# Traditional Archery Shops Atlanta Area



## Mobear (Feb 24, 2009)

Took out my fathers old recurve and shot it a few times with some misc arrows I had around the house.  I'd like to get some arrows and advice.  I was wondering if there are any shops in the Atlanta area that are traditional bow friendly?  Thanks


----------



## Al33 (Feb 24, 2009)

I don't think so, at least I am not familiar with one.  I am certainly not a traditional archery shop but am in Marietta also so you are welcome to stop by and shoot some of my arrows. Perhaps we can figure out what the bow likes in any event.


----------



## Mobear (Feb 24, 2009)

That would be great.  Give me an email, I'll give you my number.


----------



## PAPALAPIN (Feb 25, 2009)

The closest I know of is what used to be Bear Country down in Griffin, GA, butthey changed the name.

Stay away from Bass Proshops.  They will sell you what ever they can and have no idea of what they are doing.


----------



## Fishin & Hunting (Feb 25, 2009)

PAPALAPIN said:


> The closest I know of is what used to be Bear Country down in Griffin, GA, butthey changed the name.
> 
> Stay away from Bass Proshops.  They will sell you what ever they can and have no idea of what they are doing.




I felt the same way about Bear Country Outfitters when I went there last summer and he sold me arrows for recurve.  Won't go there again.


----------



## FVR (Feb 25, 2009)

Use to be a mess of them, but they done gone under.

You could go up to the NGT shoot in Gainesville this Sunday and you can shoot some of mine.  They are wood and spined at 6/65.

You are leaving out alot of info. like your draw weight and your draw length.

As far as aluminum, my go to arrows if I shoot that nasty metal are 2117.  I've shot them out of bows ranging from 45 to 60lbs.  Good all around arrow.


----------



## Mobear (Feb 25, 2009)

Thanks for the responses.  The bow is a 1955 Kodiak.  It is marked 56 pounds 60 inches.  I'm not sure if the poundage back then was taken at 28".  In any case, my draw length is Im guessing 29 or 30".  I haven't measured it yet.  My first inclination is to go with wood, Id like to keep it traditional.  The rest onthe bow is so narrow, I'm also wondering about fletching shape, arrow nock position etc.  I bought a 60Amo string for it (57" long) the brace height looks to be about 5 1/2".  I was wondering if the string is a little long or that's just how that bow braces.  I know that's a lot of questtions and I still have to nail down my draw length.  Thanks for the responses so far.  I'll have to look up some more info on the shoot I'm gainsville.  Thanks again


----------



## Mobear (Feb 25, 2009)

I did go up to WD Archery In Cartersville last week and Wade who is one of the owners there sold me a few 2117 xx75 camo alum 32 " long.  I tried them and to my untrained I, they didn't seem half bad.  I would like to get a more traditional looking arrow.  Plus I heard a lot about not shooting too light an arrow with an old recurve, and I have no idea if they're too light or what


----------



## Fishin & Hunting (Feb 26, 2009)

You might want to try and twist you string some to increase your brace height and see how it changes the arrow flight and bow noise.


----------



## Mobear (Feb 26, 2009)

Does anyone know what a typical brace height is for this bow.  I was worried about the fletching hiting the bow before it comes off the string.


----------



## Al33 (Feb 26, 2009)

A rule of thumb I use is to place my fist in the deepest part of the grip with my thumb stuck up like a hitch-hikers thumb. When the string is about a half or 3/4 inch above the extended thumb it should be about right.


----------



## FVR (Feb 26, 2009)

Bear bows have always had a big brace height.   My old Grizzly is at 8" from the back of the handle to the string.  I can tell ya that all my Bear bows over the years have been in the 7.5" plus range.  

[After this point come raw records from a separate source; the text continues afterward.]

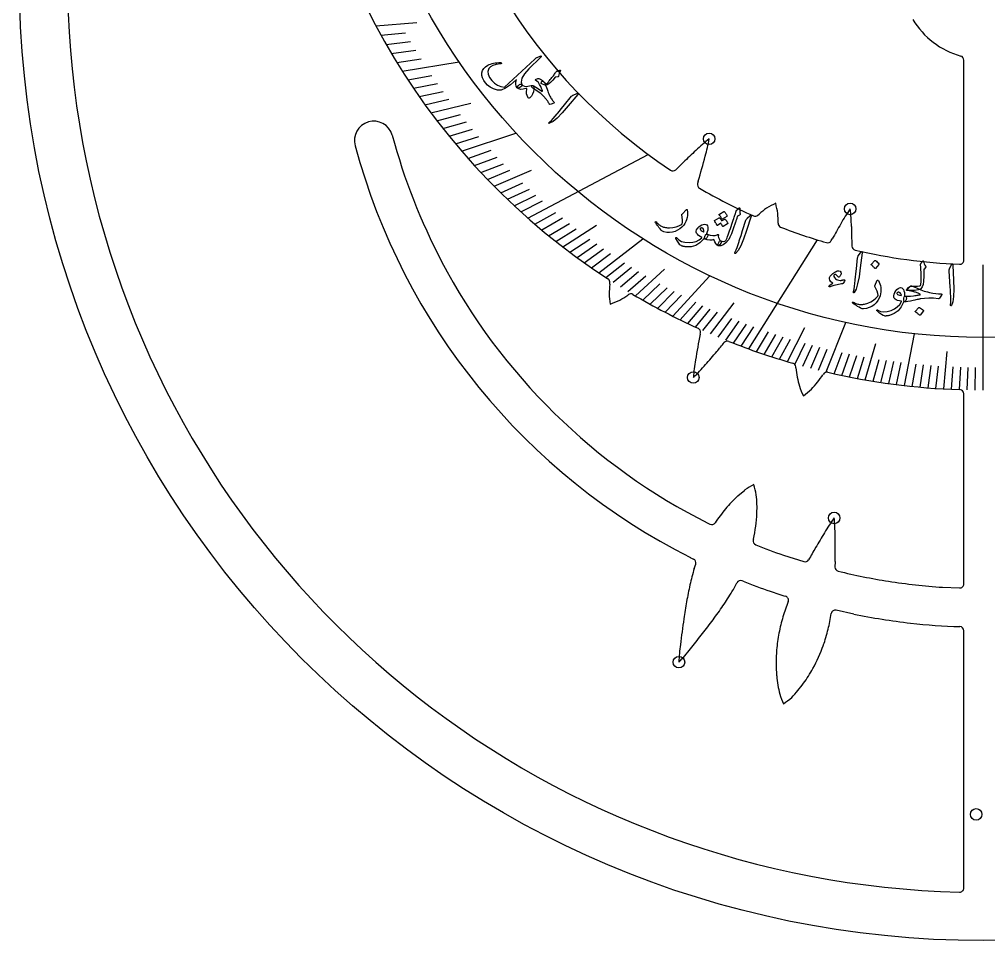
# Model space of a CAD drawing. Header units: millimetres. Extents: x -58 to 58, y -58 to 59.
# Drawn here: x -58.5 to 0.3, y -58.5 to -2.6 of the extents above; entities that cross this region are included whole.
import ezdxf

# ---------------------------------------------------------------- set-up
doc = ezdxf.new("R2010")
doc.units = ezdxf.units.MM
for name, color, linetype in [('CUT_INNER', 6, 'Continuous'), ('CUT_OUTER', 1, 'Continuous'), ('ENGRAVE', 7, 'Continuous'), ('ENGRAVE_FINE', 8, 'Continuous'), ('TEXT', 5, 'Continuous')]:
    doc.layers.add(name, color=color, linetype=linetype)

msp = doc.modelspace()

# ---------------------------------------------------------------- linework, layer by layer
at = {"layer": 'CUT_INNER'}
for points in [[(-1.17, -17.182), (-1.17, -5.026)], [(-35.867, -9.58), (-35.865, -9.586)], [(-17.289, -12.381), (-17.331, -12.52)], [(-13.673, -14.445), (-13.598, -14.377)], [(-7.991, -15.135), (-7.976, -15.662), (-7.964, -16.189), (-7.963, -16.327)], [(-9.214, -15.995), (-9.157, -15.892)], [(-22.76, -18.323), (-22.785, -18.307)], [(-22.66, -18.645), (-22.649, -18.57)], [(-21.53, -19.272), (-21.568, -19.3)], [(-17.178, -21.681), (-17.16, -21.592)], [(-11.358, -23.726), (-11.364, -23.66)], [(-9.69, -24.098), (-9.716, -24.138)], [(-1.17, -36.837), (-1.17, -25.292)], [(-14.89, -31.499), (-14.462, -31.138), (-14.458, -31.134)], [(-16.672, -33.169), (-16.579, -33.213)], [(-13.934, -34.12), (-13.946, -34.169)], [(-12.122, -35.088), (-10.881, -35.487)], [(-17.533, -35.907), (-17.445, -35.632)], [(-8.982, -35.486), (-8.989, -35.815)], [(-14.559, -36.679), (-14.619, -36.654)], [(-2.463, -37.041), (-1.431, -37.087)], [(-7.854, -38.674), (-8.91, -38.435)], [(-1.17, -55.307), (-1.17, -39.68)]]:
    msp.add_lwpolyline(points, dxfattribs=at)
for centre, radius, start, end in [((0, 0), 55.575, 121.71432, 268.52897), ((0, 16.717), 41.783, 133.78138, 236.95434), ((-0.001, 16.716), 34.177, 186.5681, 236.29764), ((-0.001, -0.001), 4.971, 210.95136, 254.25202), ((-1.42, -5.025), 0.25, 0, 73.82813), ((-36.989, -9.911), 1.17, 16.42808, 196.1143), ((0.059, 0.026), 37.187, 194.98007, 207.69673), ((-11.195, -16.879), 8.91, 127.54584, 134.42251), ((-25.412, -8.357), 8.907, 343.69691, 350.58422), ((0, 0), 39.463, 195.03295, 243.26549), ((34.198, -65.614), 75.508, 133.13842, 133.94094), ((-81.724, 6.479), 67.138, 343.6851, 345.03538), ((-18.827, -11.509), 0.25, 236.42578, 314.86322), ((1.124, -31.48), 27.979, 133.67701, 134.97239), ((-17.091, -12.592), 0.25, 163.30606, 241.7988), ((-0.027, 16.667), 34.122, 239.7643, 245.93141), ((-8.862, -20.015), 7.364, 125.55261, 130.02983), ((-9.338, -20.458), 7.475, 115.74943, 120.59902), ((-18.788, -15.276), 6.393, 8.3654, 14.03615), ((-0.819, -19.252), 8.91, 144.42099, 151.29746), ((-16.898, -15.224), 8.907, 0.57186, 7.45938), ((-13.841, -14.26), 0.25, 245.91797, 312.20871), ((-17.46, -14.77), 5.015, 358.16896, 4.85389), ((-12.198, -14.943), 0.25, 177.16629, 249.08203), ((-0.015, 16.671), 34.13, 248.92748, 253.86313), ((56.766, -52.711), 75.508, 150.01342, 150.81594), ((-9.432, -15.874), 0.25, 254.00391, 331.08966), ((-7.712, -16.323), 0.25, 180.78889, 256.81641), ((-0.003, 16.69), 34.151, 256.85561, 267.60592), ((0, 0), 37.123, 207.7033, 243.31364), ((-1.42, -17.182), 0.25, 267.71484, 0), ((-22.896, -18.533), 0.25, 351.54129, 57.12891), ((-15.937, -19.409), 6.766, 173.5223, 178.39527), ((-16.315, -18.914), 6.393, 182.7404, 188.41115), ((-25.729, -13.224), 7.364, 299.92761, 304.40483), ((-21.381, -19.472), 0.25, 59.59092, 126.58371), ((-0.036, 16.651), 41.708, 239.42091, 245.54586), ((-25.211, -12.83), 7.475, 290.12443, 294.97402), ((48.796, -34.135), 67.138, 169.3101, 170.66038), ((-17.405, -21.543), 0.25, 348.88678, 65.56641), ((-39.674, -2.54), 30.987, 319.35429, 320.64967), ((-15.519, -22.347), 0.25, 68.38056, 140.48822), ((-0.049, 16.574), 41.632, 248.32328, 253.97168), ((-73.635, 26.248), 75.508, 318.76342, 319.56594), ((-8.689, -24.892), 8.918, 169.32406, 176.20268), ((-23.675, -17.81), 8.899, 313.16434, 320.04964), ((-11.613, -23.68), 0.25, 4.73438, 74.00391), ((-4.146, -22.94), 7.255, 186.21893, 195.10538), ((-9.48, -24.233), 0.25, 76.82959, 147.14062), ((-0.004, 16.691), 41.757, 256.96365, 268.06852), ((-15.705, -20.046), 7.253, 316.76847, 325.65722), ((-5.128, -22.685), 6.393, 199.6154, 205.28615), ((-15.407, -19.446), 7.475, 306.99943, 311.84902), ((-1.42, -25.292), 0.25, 360, 88.06641), ((-10.384, -37.401), 7.475, 118.18057, 123.03016), ((-20.045, -32.625), 6.393, 10.79654, 16.4673), ((-9.158, -37.705), 8.448, 132.73114, 140.11768), ((-20.976, -32.221), 7.255, 357.40008, 6.28652), ((-8.641, -38.148), 9.129, 140.05994, 146.65286), ((-22.768, -32.167), 9.048, 347.53329, 357.56965), ((-1.899, -38.169), 8.91, 143.2292, 150.10574), ((-17.89, -33.808), 8.907, 359.38014, 6.26759), ((-16.472, -32.987), 0.25, 244.57627, 325.03532), ((54.978, -72.819), 75.508, 148.82168, 149.62421), ((-76.117, -34.746), 67.138, 359.36837, 0.71864), ((-13.703, -34.229), 0.25, 165.99601, 247.11864), ((-5.629, -15.192), 20.929, 247.01716, 251.92472), ((22.121, -53.657), 37.472, 149.4967, 150.79208), ((-15.768, -31.362), 4.361, 242.93008, 245.51603), ((-17.683, -35.556), 0.25, 342.21641, 64.57627), ((-10.804, -35.249), 0.25, 252.20339, 330.54648), ((-8.739, -35.819), 0.25, 178.94504, 257.28814), ((-2.797, -40.294), 15.375, 163.4237, 167.25734), ((-0.347, -1.934), 35.159, 256.09858, 261.18129), ((3.231, -41.657), 21.555, 167.25725, 170.01905), ((-23.612, -32.28), 9.766, 328.33607, 332.65233), ((-14.716, -36.884), 0.25, 67.11864, 152.02088), ((-0.347, -0.934), 38.467, 248.31722, 250.92542), ((0, 0), 37.123, 261.11025, 266.195), ((-1.42, -36.837), 0.25, 267.45763, 360), ((-30.668, -28.081), 17.977, 325.45665, 328.74791), ((-5.848, -16.952), 21.531, 250.82918, 253.43566), ((-12.062, -37.828), 0.25, 339.648, 72.20339), ((15.956, -43.902), 34.477, 170.0109, 171.75257), ((-0.99, -42.184), 11.648, 158.4973, 163.30363), ((-37.905, -23.101), 26.762, 323.22825, 325.46062), ((-20.631, -36.824), 11.562, 346.14958, 350.98526), ((-8.965, -38.679), 0.25, 77.28814, 169.84353), ((0, 0), 39.463, 258.51962, 263.60437), ((48.278, -48.6), 67.138, 171.74125, 173.09152), ((-53.641, -11.355), 46.399, 321.94694, 323.24232), ((-2.265, -41.807), 10.319, 163.27468, 168.92565), ((-0.491, -5.472), 33.97, 263.39879, 268.45121), ((-76.604, 6.536), 75.508, 321.19457, 321.99709), ((-3.108, -41.639), 9.459, 168.94697, 175.16184), ((-19.418, -37.13), 10.311, 340.5277, 346.18698), ((-1.42, -39.68), 0.25, 360, 87.45763), ((-9.556, -41.802), 8.909, 171.75333, 178.63955), ((-18.481, -37.465), 9.317, 331.03964, 340.55267), ((-24.828, -35.358), 8.909, 315.60127, 322.47888), ((-3.518, -41.604), 9.048, 175.16041, 185.19677), ((-18.134, -37.657), 8.92, 324.19449, 331.03835), ((-5.301, -41.788), 7.255, 185.02719, 193.91364), ((-16.793, -38.657), 7.247, 315.57549, 324.40798), ((-6.278, -41.512), 6.393, 198.42366, 204.09442), ((-16.488, -38.06), 7.475, 305.80769, 310.65728), ((-1.42, -55.307), 0.25, 268.41797, 360)]:
    msp.add_arc(centre, radius, start, end, dxfattribs=at)
at = {"layer": 'CUT_OUTER'}
msp.add_circle((0, 0), 58.5, dxfattribs=at)
at = {"layer": 'ENGRAVE'}
for points in [[(-35.262, -5.698), (-31.803, -5.139)], [(-31.653, -10.559), (-28.355, -9.458)], [(-27.635, -14.623), (-20.33, -10.757)], [(-23.334, -17.944), (-20.651, -15.881)], [(-14.22, -22.572), (-10.049, -15.951)], [(0, -25.067), (0, -17.462)], [(-18.84, -20.578), (-16.593, -18.123)], [(-9.519, -23.968), (-8.325, -20.964)], [(-4.77, -24.793), (-4.165, -21.647)]]:
    msp.add_lwpolyline(points, dxfattribs=at)
for centre, radius in [((0, 16.717), 38.589), ((-16.624, -9.814), 0.351), ((-8.066, -14.067), 0.351), ((-17.588, -24.302), 0.351), ((-9.036, -32.834), 0.351), ((-18.463, -41.591), 0.351), ((-0.417, -50.836), 0.351)]:
    msp.add_circle(centre, radius, dxfattribs=at)
at = {"layer": 'ENGRAVE_FINE'}
for points in [[(-36.862, -2.956), (-34.369, -2.756)], [(-36.555, -3.521), (-35.065, -3.378)], [(-36.241, -4.078), (-34.754, -3.911)], [(-35.921, -4.627), (-34.437, -4.436)], [(-35.594, -5.167), (-34.114, -4.952)], [(-34.924, -6.221), (-33.453, -5.96)], [(-34.58, -6.736), (-33.115, -6.451)], [(-34.231, -7.243), (-32.771, -6.934)], [(-33.877, -7.741), (-32.423, -7.409)], [(-33.518, -8.231), (-31.101, -7.637)], [(-33.154, -8.713), (-31.714, -8.334)], [(-32.785, -9.186), (-31.353, -8.785)], [(-32.412, -9.652), (-30.987, -9.227)], [(-32.035, -10.109), (-30.618, -9.662)], [(-31.267, -11), (-29.869, -10.508)], [(-30.877, -11.433), (-29.489, -10.919)], [(-30.484, -11.859), (-29.105, -11.323)], [(-30.087, -12.277), (-28.719, -11.718)], [(-29.686, -12.687), (-27.42, -11.718)], [(-29.282, -13.089), (-27.936, -12.487)], [(-28.875, -13.484), (-27.541, -12.861)], [(-28.465, -13.871), (-27.142, -13.227)], [(-28.051, -14.25), (-26.742, -13.585)], [(-27.216, -14.987), (-25.933, -14.28)], [(-26.794, -15.344), (-25.524, -14.617)], [(-26.37, -15.694), (-25.114, -14.947)], [(-25.943, -16.037), (-24.702, -15.27)], [(-25.513, -16.373), (-23.467, -15.059)], [(-25.082, -16.701), (-23.871, -15.895)], [(-24.648, -17.022), (-23.453, -16.197)], [(-24.212, -17.337), (-23.032, -16.492)], [(-23.774, -17.644), (-22.611, -16.781)], [(-22.892, -18.238), (-21.762, -17.338)], [(-22.448, -18.524), (-21.336, -17.607)], [(-22.003, -18.804), (-20.908, -17.869)], [(-21.555, -19.077), (-20.479, -18.125)], [(-21.107, -19.344), (-19.341, -17.726)], [(-20.656, -19.604), (-19.617, -18.617)], [(-20.204, -19.857), (-19.184, -18.854)], [(-19.751, -20.104), (-18.75, -19.085)], [(-19.296, -20.344), (-18.315, -19.309)], [(-18.383, -20.805), (-17.442, -19.74)], [(-17.925, -21.026), (-17.004, -19.946)], [(-16.543, -21.652), (-15.112, -19.78)], [(-17.465, -21.241), (-16.565, -20.147)], [(-17.005, -21.45), (-16.125, -20.341)], [(-16.08, -21.849), (-15.244, -20.712)], [(-15.616, -22.038), (-14.802, -20.889)], [(-15.152, -22.223), (-14.359, -21.061)], [(-14.686, -22.401), (-13.916, -21.226)], [(-13.753, -22.738), (-13.028, -21.54)], [(-13.285, -22.898), (-12.583, -21.689)], [(-11.877, -23.343), (-10.824, -21.273)], [(-12.816, -23.052), (-12.138, -21.832)], [(-12.347, -23.201), (-11.692, -21.97)], [(-11.406, -23.48), (-10.799, -22.228)], [(-10.935, -23.61), (-10.351, -22.349)], [(-7.149, -24.451), (-6.504, -22.246)], [(-10.463, -23.735), (-9.904, -22.465)], [(-9.991, -23.854), (-9.456, -22.576)], [(-9.045, -24.076), (-8.559, -22.781)], [(-8.572, -24.178), (-8.11, -22.875)], [(-2.386, -24.998), (-2.169, -22.725)], [(-8.098, -24.274), (-7.661, -22.965)], [(-7.623, -24.365), (-7.212, -23.049)], [(-6.673, -24.53), (-6.312, -23.202)], [(-6.198, -24.604), (-5.862, -23.27)], [(-5.722, -24.673), (-5.412, -23.334)], [(-5.246, -24.736), (-4.961, -23.392)], [(-4.294, -24.845), (-4.06, -23.493)], [(-3.817, -24.892), (-3.609, -23.536)], [(-3.34, -24.933), (-3.158, -23.574)], [(-2.863, -24.968), (-2.707, -23.607)], [(-1.909, -25.023), (-1.805, -23.657)], [(-1.432, -25.042), (-1.354, -23.675)], [(-0.955, -25.056), (-0.903, -23.688)], [(-0.477, -25.064), (-0.451, -23.695)]]:
    msp.add_lwpolyline(points, dxfattribs=at)
at = {"layer": 'TEXT'}
for points in [[(-27.571, -5.559), (-27.837, -5.859), (-27.996, -6.127), (-28.046, -6.365), (-27.988, -6.571), (-27.994, -6.592), (-28.02, -6.619), (-28.065, -6.651), (-28.13, -6.688), (-28.182, -6.716), (-28.224, -6.73), (-28.255, -6.732), (-28.275, -6.721), (-28.342, -6.611), (-28.371, -6.488), (-28.363, -6.353), (-28.317, -6.205), (-28.683, -6.528), (-28.998, -6.744), (-29.263, -6.852), (-29.477, -6.852), (-29.714, -6.768), (-29.915, -6.666), (-30.08, -6.547), (-30.209, -6.413), (-30.314, -6.26), (-30.384, -6.108), (-30.419, -5.958), (-30.419, -5.81), (-30.384, -5.67), (-30.314, -5.546), (-30.208, -5.438), (-30.067, -5.345), (-29.984, -5.305), (-29.898, -5.271), (-29.807, -5.242), (-29.712, -5.218), (-29.614, -5.2), (-29.511, -5.188), (-29.404, -5.181), (-29.292, -5.179), (-29.279, -5.181), (-29.267, -5.186), (-29.256, -5.193), (-29.247, -5.202), (-29.242, -5.211), (-29.24, -5.221), (-29.241, -5.231), (-29.245, -5.242), (-29.252, -5.252), (-29.263, -5.259), (-29.278, -5.264), (-29.296, -5.266), (-29.548, -5.294), (-29.749, -5.35), (-29.899, -5.435), (-29.998, -5.55), (-30.054, -5.714), (-30.043, -5.891), (-29.966, -6.078), (-29.822, -6.276), (-29.663, -6.427), (-29.482, -6.545), (-29.28, -6.628), (-29.057, -6.677), (-27.214, -4.975), (-27.17, -4.934), (-27.131, -4.902), (-27.097, -4.878), (-27.068, -4.863), (-26.854, -4.777), (-26.823, -4.785), (-26.815, -4.805), (-26.83, -4.836), (-26.867, -4.878)], [(-25.779, -5.676), (-25.763, -5.67), (-25.748, -5.665), (-25.734, -5.661), (-25.722, -5.657), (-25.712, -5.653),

2117's, you do not have to worry about them being too light and with a 125gr head, good combo.  They are just a good all around arrow.  

This is just my opinion.


----------



## BigJim Bow (Feb 27, 2009)

Mobear- If you can make it to Colludon shoot in March, I may be able to help you with some of your questions. Unfortunatley at this time I dont have woodies, but I can help on brace height and if necessary make you a new string.  I am located in Albany, GA but you can call me with any questions and we do ship everyday. I don't think that I can list my buis here but my number is 229-344-6617.

Good luck, BigJim


----------



## 2wheelfoster (Feb 27, 2009)

There is an Army Navy Store in Stockbridge, GA. They have a pretty good selection of arrows and set my son and I up when we started out. It's right of of GA-42 past the Walmart.


----------



## deersled (Feb 28, 2009)

you have access to more information than you'd get at ANY bow shop......right here. Give your specifics, i.e draw length, poundage, etc. and these guys will hook you up. Anything from making arras to string silencers can be had right here. Tons of knowledge and help from these guys.


----------



## Mobear (Feb 28, 2009)

I guess I have found a good information source!

Thanks to everyone.  Shot a few arrows with Al last night.  He helped me with arrow selection and string questions.  Great guy.  He even let me use a string that he had that worked with my bow.  With his input I ordered arrows, etc. from 3 Rivers this morning.

THANKS AL

Can't wait to shoot.  Looking forward to broadhead advice when the time comes.


----------